---- Material supplied

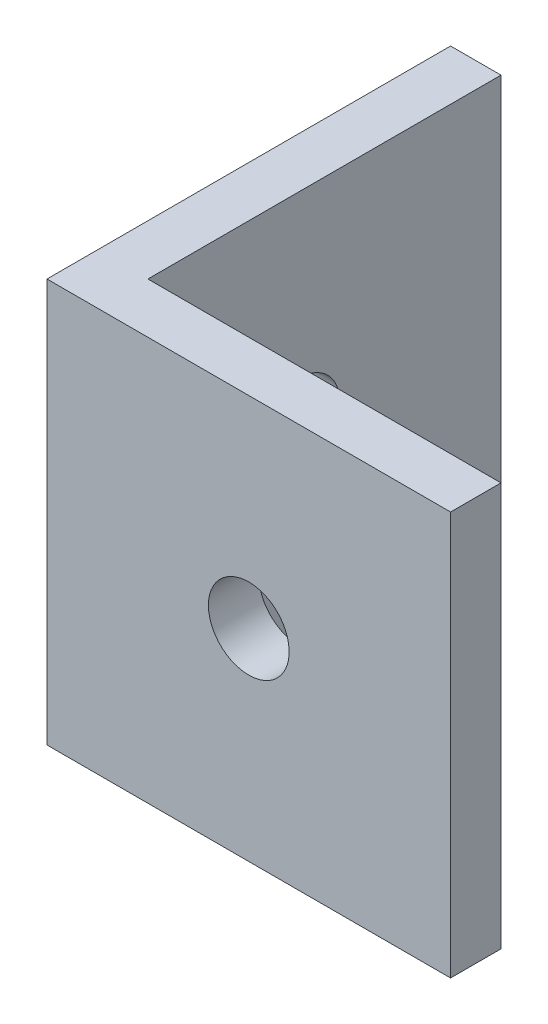
ISO-10303-21;
HEADER;
FILE_DESCRIPTION(('STEP AP214'),'2;1');
FILE_NAME('part.step','',(''),(''),'','','');
FILE_SCHEMA(('AUTOMOTIVE_DESIGN { 1 0 10303 214 1 1 1 1 }'));
ENDSEC;
DATA;
#1=APPLICATION_CONTEXT('core data for automotive mechanical design processes');
#2=APPLICATION_PROTOCOL_DEFINITION('international standard','automotive_design',2000,#1);
#3=PRODUCT_CONTEXT('',#1,'mechanical');
#4=PRODUCT('Part','Part','',(#3));
#5=PRODUCT_RELATED_PRODUCT_CATEGORY('part','',(#4));
#6=PRODUCT_DEFINITION_FORMATION('','',#4);
#7=PRODUCT_DEFINITION_CONTEXT('part definition',#1,'design');
#8=PRODUCT_DEFINITION('design','',#6,#7);
#9=PRODUCT_DEFINITION_SHAPE('','',#8);
#10=(LENGTH_UNIT() NAMED_UNIT(*) SI_UNIT(.MILLI.,.METRE.));
#11=(NAMED_UNIT(*) PLANE_ANGLE_UNIT() SI_UNIT($,.RADIAN.));
#12=(NAMED_UNIT(*) SI_UNIT($,.STERADIAN.) SOLID_ANGLE_UNIT());
#13=UNCERTAINTY_MEASURE_WITH_UNIT(LENGTH_MEASURE(1.E-05),#10,'distance_accuracy_value','');
#14=(GEOMETRIC_REPRESENTATION_CONTEXT(3) GLOBAL_UNCERTAINTY_ASSIGNED_CONTEXT((#13)) GLOBAL_UNIT_ASSIGNED_CONTEXT((#10,
#11,#12)) REPRESENTATION_CONTEXT('',''));
#15=CARTESIAN_POINT('',(0.,0.,0.));
#16=DIRECTION('',(0.,0.,1.));
#17=DIRECTION('',(1.,0.,0.));
#18=AXIS2_PLACEMENT_3D('',#15,#16,#17);
#19=CARTESIAN_POINT('',(0.,25.4,0.));
#20=DIRECTION('',(1.,0.,0.));
#21=DIRECTION('',(0.,0.,-1.));
#22=AXIS2_PLACEMENT_3D('',#19,#20,#21);
#23=PLANE('',#22);
#24=CARTESIAN_POINT('',(0.,12.7,-12.7));
#25=DIRECTION('',(1.,0.,0.));
#26=DIRECTION('',(0.,0.,-1.));
#27=AXIS2_PLACEMENT_3D('',#24,#25,#26);
#28=CIRCLE('',#27,2.54);
#29=CARTESIAN_POINT('',(0.,12.7,-15.24));
#30=VERTEX_POINT('',#29);
#31=EDGE_CURVE('E135',#30,#30,#28,.T.);
#32=ORIENTED_EDGE('',*,*,#31,.T.);
#33=EDGE_LOOP('',(#32));
#34=FACE_BOUND('',#33,.T.);
#35=DIRECTION('',(0.,0.,1.));
#36=VECTOR('',#35,1.);
#37=CARTESIAN_POINT('',(0.,0.,0.));
#38=LINE('',#37,#36);
#39=CARTESIAN_POINT('',(0.,0.,-25.4));
#40=VERTEX_POINT('',#39);
#41=CARTESIAN_POINT('',(0.,0.,0.));
#42=VERTEX_POINT('',#41);
#43=EDGE_CURVE('E130',#40,#42,#38,.T.);
#44=ORIENTED_EDGE('',*,*,#43,.T.);
#45=DIRECTION('',(0.,-1.,0.));
#46=VECTOR('',#45,1.);
#47=CARTESIAN_POINT('',(0.,25.4,0.));
#48=LINE('',#47,#46);
#49=CARTESIAN_POINT('',(0.,25.4,0.));
#50=VERTEX_POINT('',#49);
#51=EDGE_CURVE('E11',#50,#42,#48,.T.);
#52=ORIENTED_EDGE('',*,*,#51,.F.);
#53=DIRECTION('',(0.,0.,1.));
#54=VECTOR('',#53,1.);
#55=CARTESIAN_POINT('',(0.,25.4,0.));
#56=LINE('',#55,#54);
#57=CARTESIAN_POINT('',(0.,25.4,-25.4));
#58=VERTEX_POINT('',#57);
#59=EDGE_CURVE('E147',#58,#50,#56,.T.);
#60=ORIENTED_EDGE('',*,*,#59,.F.);
#61=DIRECTION('',(0.,-1.,0.));
#62=VECTOR('',#61,1.);
#63=CARTESIAN_POINT('',(0.,25.4,-25.4));
#64=LINE('',#63,#62);
#65=EDGE_CURVE('E126',#58,#40,#64,.T.);
#66=ORIENTED_EDGE('',*,*,#65,.T.);
#67=EDGE_LOOP('',(#44,#52,#60,#66));
#68=FACE_BOUND('',#67,.T.);
#69=ADVANCED_FACE('F41',(#34,#68),#23,.F.);
#70=CARTESIAN_POINT('',(3.175,25.4,0.));
#71=DIRECTION('',(0.,0.,-1.));
#72=DIRECTION('',(-1.,0.,0.));
#73=AXIS2_PLACEMENT_3D('',#70,#71,#72);
#74=PLANE('',#73);
#75=CARTESIAN_POINT('',(12.7,12.7,0.));
#76=DIRECTION('',(0.,0.,-1.));
#77=DIRECTION('',(-1.,0.,0.));
#78=AXIS2_PLACEMENT_3D('',#75,#76,#77);
#79=CIRCLE('',#78,2.54);
#80=CARTESIAN_POINT('',(10.16,12.7,0.));
#81=VERTEX_POINT('',#80);
#82=EDGE_CURVE('E190',#81,#81,#79,.T.);
#83=ORIENTED_EDGE('',*,*,#82,.T.);
#84=EDGE_LOOP('',(#83));
#85=FACE_BOUND('',#84,.T.);
#86=DIRECTION('',(1.,0.,0.));
#87=VECTOR('',#86,1.);
#88=CARTESIAN_POINT('',(3.175,0.,0.));
#89=LINE('',#88,#87);
#90=CARTESIAN_POINT('',(25.4,0.,0.));
#91=VERTEX_POINT('',#90);
#92=EDGE_CURVE('E134',#42,#91,#89,.T.);
#93=ORIENTED_EDGE('',*,*,#92,.T.);
#94=DIRECTION('',(0.,-1.,0.));
#95=VECTOR('',#94,1.);
#96=CARTESIAN_POINT('',(25.4,25.4,0.));
#97=LINE('',#96,#95);
#98=CARTESIAN_POINT('',(25.4,25.4,0.));
#99=VERTEX_POINT('',#98);
#100=EDGE_CURVE('E50',#99,#91,#97,.T.);
#101=ORIENTED_EDGE('',*,*,#100,.F.);
#102=DIRECTION('',(1.,0.,0.));
#103=VECTOR('',#102,1.);
#104=CARTESIAN_POINT('',(0.,25.4,0.));
#105=LINE('',#104,#103);
#106=EDGE_CURVE('E95',#50,#99,#105,.T.);
#107=ORIENTED_EDGE('',*,*,#106,.F.);
#108=ORIENTED_EDGE('',*,*,#51,.T.);
#109=EDGE_LOOP('',(#93,#101,#107,#108));
#110=FACE_BOUND('',#109,.T.);
#111=ADVANCED_FACE('F176',(#85,#110),#74,.F.);
#112=CARTESIAN_POINT('',(25.4,25.4,0.));
#113=DIRECTION('',(-1.,0.,0.));
#114=DIRECTION('',(0.,0.,1.));
#115=AXIS2_PLACEMENT_3D('',#112,#113,#114);
#116=PLANE('',#115);
#117=DIRECTION('',(0.,0.,-1.));
#118=VECTOR('',#117,1.);
#119=CARTESIAN_POINT('',(25.4,0.,0.));
#120=LINE('',#119,#118);
#121=CARTESIAN_POINT('',(25.4,0.,-3.175));
#122=VERTEX_POINT('',#121);
#123=EDGE_CURVE('E138',#91,#122,#120,.T.);
#124=ORIENTED_EDGE('',*,*,#123,.T.);
#125=DIRECTION('',(0.,-1.,0.));
#126=VECTOR('',#125,1.);
#127=CARTESIAN_POINT('',(25.4,25.4,-3.175));
#128=LINE('',#127,#126);
#129=CARTESIAN_POINT('',(25.4,25.4,-3.175));
#130=VERTEX_POINT('',#129);
#131=EDGE_CURVE('E119',#130,#122,#128,.T.);
#132=ORIENTED_EDGE('',*,*,#131,.F.);
#133=DIRECTION('',(0.,0.,-1.));
#134=VECTOR('',#133,1.);
#135=CARTESIAN_POINT('',(25.4,25.4,0.));
#136=LINE('',#135,#134);
#137=EDGE_CURVE('E108',#99,#130,#136,.T.);
#138=ORIENTED_EDGE('',*,*,#137,.F.);
#139=ORIENTED_EDGE('',*,*,#100,.T.);
#140=EDGE_LOOP('',(#124,#132,#138,#139));
#141=FACE_BOUND('',#140,.T.);
#142=ADVANCED_FACE('F157',(#141),#116,.F.);
#143=CARTESIAN_POINT('',(3.175,25.4,-3.175));
#144=DIRECTION('',(0.,0.,1.));
#145=DIRECTION('',(1.,0.,0.));
#146=AXIS2_PLACEMENT_3D('',#143,#144,#145);
#147=PLANE('',#146);
#148=CARTESIAN_POINT('',(12.7,12.7,-3.175));
#149=DIRECTION('',(0.,0.,-1.));
#150=DIRECTION('',(-1.,0.,0.));
#151=AXIS2_PLACEMENT_3D('',#148,#149,#150);
#152=CIRCLE('',#151,2.54);
#153=CARTESIAN_POINT('',(10.16,12.7,-3.175));
#154=VERTEX_POINT('',#153);
#155=EDGE_CURVE('E201',#154,#154,#152,.T.);
#156=ORIENTED_EDGE('',*,*,#155,.F.);
#157=EDGE_LOOP('',(#156));
#158=FACE_BOUND('',#157,.T.);
#159=DIRECTION('',(-1.,0.,0.));
#160=VECTOR('',#159,1.);
#161=CARTESIAN_POINT('',(3.175,0.,-3.175));
#162=LINE('',#161,#160);
#163=CARTESIAN_POINT('',(3.175,0.,-3.175));
#164=VERTEX_POINT('',#163);
#165=EDGE_CURVE('E117',#122,#164,#162,.T.);
#166=ORIENTED_EDGE('',*,*,#165,.T.);
#167=DIRECTION('',(0.,-1.,0.));
#168=VECTOR('',#167,1.);
#169=CARTESIAN_POINT('',(3.175,25.4,-3.175));
#170=LINE('',#169,#168);
#171=CARTESIAN_POINT('',(3.175,25.4,-3.175));
#172=VERTEX_POINT('',#171);
#173=EDGE_CURVE('E114',#172,#164,#170,.T.);
#174=ORIENTED_EDGE('',*,*,#173,.F.);
#175=DIRECTION('',(-1.,0.,0.));
#176=VECTOR('',#175,1.);
#177=CARTESIAN_POINT('',(3.175,25.4,-3.175));
#178=LINE('',#177,#176);
#179=EDGE_CURVE('E102',#130,#172,#178,.T.);
#180=ORIENTED_EDGE('',*,*,#179,.F.);
#181=ORIENTED_EDGE('',*,*,#131,.T.);
#182=EDGE_LOOP('',(#166,#174,#180,#181));
#183=FACE_BOUND('',#182,.T.);
#184=ADVANCED_FACE('F115',(#158,#183),#147,.F.);
#185=CARTESIAN_POINT('',(3.175,25.4,-3.175));
#186=DIRECTION('',(-1.,0.,0.));
#187=DIRECTION('',(0.,0.,1.));
#188=AXIS2_PLACEMENT_3D('',#185,#186,#187);
#189=PLANE('',#188);
#190=CARTESIAN_POINT('',(3.175,12.7,-12.7));
#191=DIRECTION('',(1.,0.,0.));
#192=DIRECTION('',(0.,0.,-1.));
#193=AXIS2_PLACEMENT_3D('',#190,#191,#192);
#194=CIRCLE('',#193,2.54);
#195=CARTESIAN_POINT('',(3.175,12.7,-15.24));
#196=VERTEX_POINT('',#195);
#197=EDGE_CURVE('E186',#196,#196,#194,.T.);
#198=ORIENTED_EDGE('',*,*,#197,.F.);
#199=EDGE_LOOP('',(#198));
#200=FACE_BOUND('',#199,.T.);
#201=DIRECTION('',(0.,0.,-1.));
#202=VECTOR('',#201,1.);
#203=CARTESIAN_POINT('',(3.175,0.,-3.175));
#204=LINE('',#203,#202);
#205=CARTESIAN_POINT('',(3.175,0.,-25.4));
#206=VERTEX_POINT('',#205);
#207=EDGE_CURVE('E81',#164,#206,#204,.T.);
#208=ORIENTED_EDGE('',*,*,#207,.T.);
#209=DIRECTION('',(0.,-1.,0.));
#210=VECTOR('',#209,1.);
#211=CARTESIAN_POINT('',(3.175,25.4,-25.4));
#212=LINE('',#211,#210);
#213=CARTESIAN_POINT('',(3.175,25.4,-25.4));
#214=VERTEX_POINT('',#213);
#215=EDGE_CURVE('E120',#214,#206,#212,.T.);
#216=ORIENTED_EDGE('',*,*,#215,.F.);
#217=DIRECTION('',(0.,0.,-1.));
#218=VECTOR('',#217,1.);
#219=CARTESIAN_POINT('',(3.175,25.4,-3.175));
#220=LINE('',#219,#218);
#221=EDGE_CURVE('E106',#172,#214,#220,.T.);
#222=ORIENTED_EDGE('',*,*,#221,.F.);
#223=ORIENTED_EDGE('',*,*,#173,.T.);
#224=EDGE_LOOP('',(#208,#216,#222,#223));
#225=FACE_BOUND('',#224,.T.);
#226=ADVANCED_FACE('F122',(#200,#225),#189,.F.);
#227=CARTESIAN_POINT('',(0.,25.4,-25.4));
#228=DIRECTION('',(0.,0.,1.));
#229=DIRECTION('',(1.,0.,0.));
#230=AXIS2_PLACEMENT_3D('',#227,#228,#229);
#231=PLANE('',#230);
#232=DIRECTION('',(-1.,0.,0.));
#233=VECTOR('',#232,1.);
#234=CARTESIAN_POINT('',(0.,0.,-25.4));
#235=LINE('',#234,#233);
#236=EDGE_CURVE('E87',#206,#40,#235,.T.);
#237=ORIENTED_EDGE('',*,*,#236,.T.);
#238=ORIENTED_EDGE('',*,*,#65,.F.);
#239=DIRECTION('',(-1.,0.,0.));
#240=VECTOR('',#239,1.);
#241=CARTESIAN_POINT('',(0.,25.4,-25.4));
#242=LINE('',#241,#240);
#243=EDGE_CURVE('E58',#214,#58,#242,.T.);
#244=ORIENTED_EDGE('',*,*,#243,.F.);
#245=ORIENTED_EDGE('',*,*,#215,.T.);
#246=EDGE_LOOP('',(#237,#238,#244,#245));
#247=FACE_BOUND('',#246,.T.);
#248=ADVANCED_FACE('F164',(#247),#231,.F.);
#249=CARTESIAN_POINT('',(0.,25.4,0.));
#250=DIRECTION('',(0.,-1.,0.));
#251=DIRECTION('',(0.,0.,-1.));
#252=AXIS2_PLACEMENT_3D('',#249,#250,#251);
#253=PLANE('',#252);
#254=ORIENTED_EDGE('',*,*,#59,.T.);
#255=ORIENTED_EDGE('',*,*,#106,.T.);
#256=ORIENTED_EDGE('',*,*,#137,.T.);
#257=ORIENTED_EDGE('',*,*,#179,.T.);
#258=ORIENTED_EDGE('',*,*,#221,.T.);
#259=ORIENTED_EDGE('',*,*,#243,.T.);
#260=EDGE_LOOP('',(#254,#255,#256,#257,#258,#259));
#261=FACE_BOUND('',#260,.T.);
#262=ADVANCED_FACE('F104',(#261),#253,.F.);
#263=CARTESIAN_POINT('',(0.,0.,0.));
#264=DIRECTION('',(0.,-1.,0.));
#265=DIRECTION('',(0.,0.,-1.));
#266=AXIS2_PLACEMENT_3D('',#263,#264,#265);
#267=PLANE('',#266);
#268=ORIENTED_EDGE('',*,*,#43,.F.);
#269=ORIENTED_EDGE('',*,*,#236,.F.);
#270=ORIENTED_EDGE('',*,*,#207,.F.);
#271=ORIENTED_EDGE('',*,*,#165,.F.);
#272=ORIENTED_EDGE('',*,*,#123,.F.);
#273=ORIENTED_EDGE('',*,*,#92,.F.);
#274=EDGE_LOOP('',(#268,#269,#270,#271,#272,#273));
#275=FACE_BOUND('',#274,.T.);
#276=ADVANCED_FACE('F160',(#275),#267,.T.);
#277=CARTESIAN_POINT('',(-22.225,12.7,-12.7));
#278=DIRECTION('',(1.,0.,0.));
#279=DIRECTION('',(0.,0.,-1.));
#280=AXIS2_PLACEMENT_3D('',#277,#278,#279);
#281=CYLINDRICAL_SURFACE('',#280,2.54);
#282=ORIENTED_EDGE('',*,*,#197,.T.);
#283=EDGE_LOOP('',(#282));
#284=FACE_BOUND('',#283,.T.);
#285=ORIENTED_EDGE('',*,*,#31,.F.);
#286=EDGE_LOOP('',(#285));
#287=FACE_BOUND('',#286,.T.);
#288=ADVANCED_FACE('F227',(#284,#287),#281,.F.);
#289=CARTESIAN_POINT('',(12.7,12.7,22.225));
#290=DIRECTION('',(0.,0.,-1.));
#291=DIRECTION('',(-1.,0.,0.));
#292=AXIS2_PLACEMENT_3D('',#289,#290,#291);
#293=CYLINDRICAL_SURFACE('',#292,2.54);
#294=ORIENTED_EDGE('',*,*,#155,.T.);
#295=EDGE_LOOP('',(#294));
#296=FACE_BOUND('',#295,.T.);
#297=ORIENTED_EDGE('',*,*,#82,.F.);
#298=EDGE_LOOP('',(#297));
#299=FACE_BOUND('',#298,.T.);
#300=ADVANCED_FACE('F206',(#296,#299),#293,.F.);
#301=CLOSED_SHELL('',(#69,#111,#142,#184,#226,#248,#262,#276,#288,#300));
#302=MANIFOLD_SOLID_BREP('B2',#301);
#303=ADVANCED_BREP_SHAPE_REPRESENTATION('',(#18,#302),#14);
#304=SHAPE_DEFINITION_REPRESENTATION(#9,#303);
ENDSEC;
END-ISO-10303-21;

--------

Each line from the one containing "#297=ORIENTED_EDGE('',*,*,#82,.F.);" to the close of the records must appear in the output exactly, and no other line.

#297=ORIENTED_EDGE('',*,*,#82,.F.);
#298=EDGE_LOOP('',(#297));
#299=FACE_BOUND('',#298,.T.);
#300=ADVANCED_FACE('F206',(#296,#299),#293,.F.);
#301=CLOSED_SHELL('',(#69,#111,#142,#184,#226,#248,#262,#276,#288,#300));
#302=MANIFOLD_SOLID_BREP('B2',#301);
#303=ADVANCED_BREP_SHAPE_REPRESENTATION('',(#18,#302),#14);
#304=SHAPE_DEFINITION_REPRESENTATION(#9,#303);
ENDSEC;
END-ISO-10303-21;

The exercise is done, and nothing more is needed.